Into most every conversation, Jonathan Kusel works in a pitch for his three-legged stool of forest restoration – the “triple bottom line.”
“The longstanding conversation has centered around environment and jobs – and whether you could have both,” said Kusel, executive director of the Sierra Institute for Community and Environment. “But that’s an incredibly narrow framing of the conversation.”
First, he said, society needs to accept that “we can have a healthy environment and jobs. There is restoration work that needs to be done and it can be done.”
“There are those who say we should let Mother Nature take its course,” Kusel said from his office in the Northern California town of Taylorville. “But that means catastrophic megafires, and landscape-scale destruction.”The alternative, of course, is to restore healthy forests, and with them, critical watersheds.
And so comes Kusel’s third leg, the local communities that are part of (and dependent upon) these forested landscapes.
“Yes, we can have the environment and jobs,” he said, “but let’s also create opportunities for local businesses to thrive.”
Attention to the triple bottom line means supporting policies “where we just don’t pay the lowest, the cheapest contractor who may take advantage of his or her labor force. It’s hiring contractors for forest restoration who pay a decent wage, who buy locally and employ locally. It’s a focus on improving economic, ecological and community health.”
A few years back, Kusel took his pitch to the U.S. House Subcommittee on National Parks, Forests and Public Lands.
In telling the story of the Burney-Hat Creek Community Forest and Watershed Group, Kusel explained that in addition to improving landscape health, group members are “committed to creating local jobs and improving well-being in local communities.”
Communities in these Western forests have struggled to redefine themselves for decades, he said. Many have yet to find their new, socially and economically healthy future.

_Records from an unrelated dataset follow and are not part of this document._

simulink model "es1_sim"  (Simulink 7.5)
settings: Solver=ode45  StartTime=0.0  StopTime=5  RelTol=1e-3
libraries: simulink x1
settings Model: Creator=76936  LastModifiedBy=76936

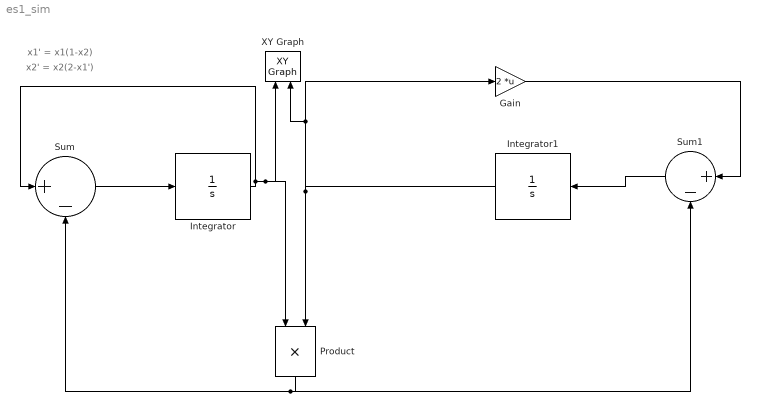
== system es1_sim ==
  note: x1' = x1(1-x2)
  note: x2' = x2(2-x1')
  Gain : Gain  Gain=2  Multiplication=Matrix(K*u)  ParameterDataType=fixdt(1, 16)  ParameterScaling=2^0  OutDataType=fixdt(1, 16)  OutScaling=2^0
  Integrator : Integrator  InitialCondition=10
  Integrator1 : Integrator  InitialCondition=10
  Product : Product  OutDataType=fixdt(1, 16)  OutScaling=2^0  RndMeth=Zero
  Sum : Sum  Inputs=|+-  OutDataType=fixdt(1, 16)  OutScaling=2^0
  Sum1 : Sum  Inputs=|+-  OutDataType=fixdt(1, 16)  OutScaling=2^0
  XY Graph : simulink/Sinks/XY Graph  SystemSampleTime=-1  xmin=-20  xmax=20  ymin=-20  ymax=20  st=-1
  wires:
  Integrator/1 -> Sum/1, Product/1, XY Graph/1
  Integrator1/1 -> Product/2, Gain/1, XY Graph/2
  Product/1 -> Sum/2, Sum1/2
  Sum/1 -> Integrator/1
  Gain/1 -> Sum1/1
  Sum1/1 -> Integrator1/1

A Sierra Institute assessment in the town of Burney found that student participation in the federal Free and Reduced Lunch Program was above 60 percent.
“Alarmingly,” Kusel said, “high school students were enrolling at rates that approached elementary student participation, as hunger trumped the social stigma of participation in the program.
“In my 20-plus years of studying rural communities, I had never seen this.”
At Carpe Diem West, executive director Kimery Wiltshire works to incorporate what she calls “water justice” into forest and watershed restoration projects across the region.“Generally speaking, in the American West, if you are poor the climate-change or wildfire-drought impacts on water are going to hit you first and hardest,” she said. “So how do we incorporate water justice and equity into Western water management and water policies?”
Like Kusel, she works to ensure that rural communities and their oftentimes poorer populations are not forgotten as metropolitan areas work to safeguard their sources of clean drinking water.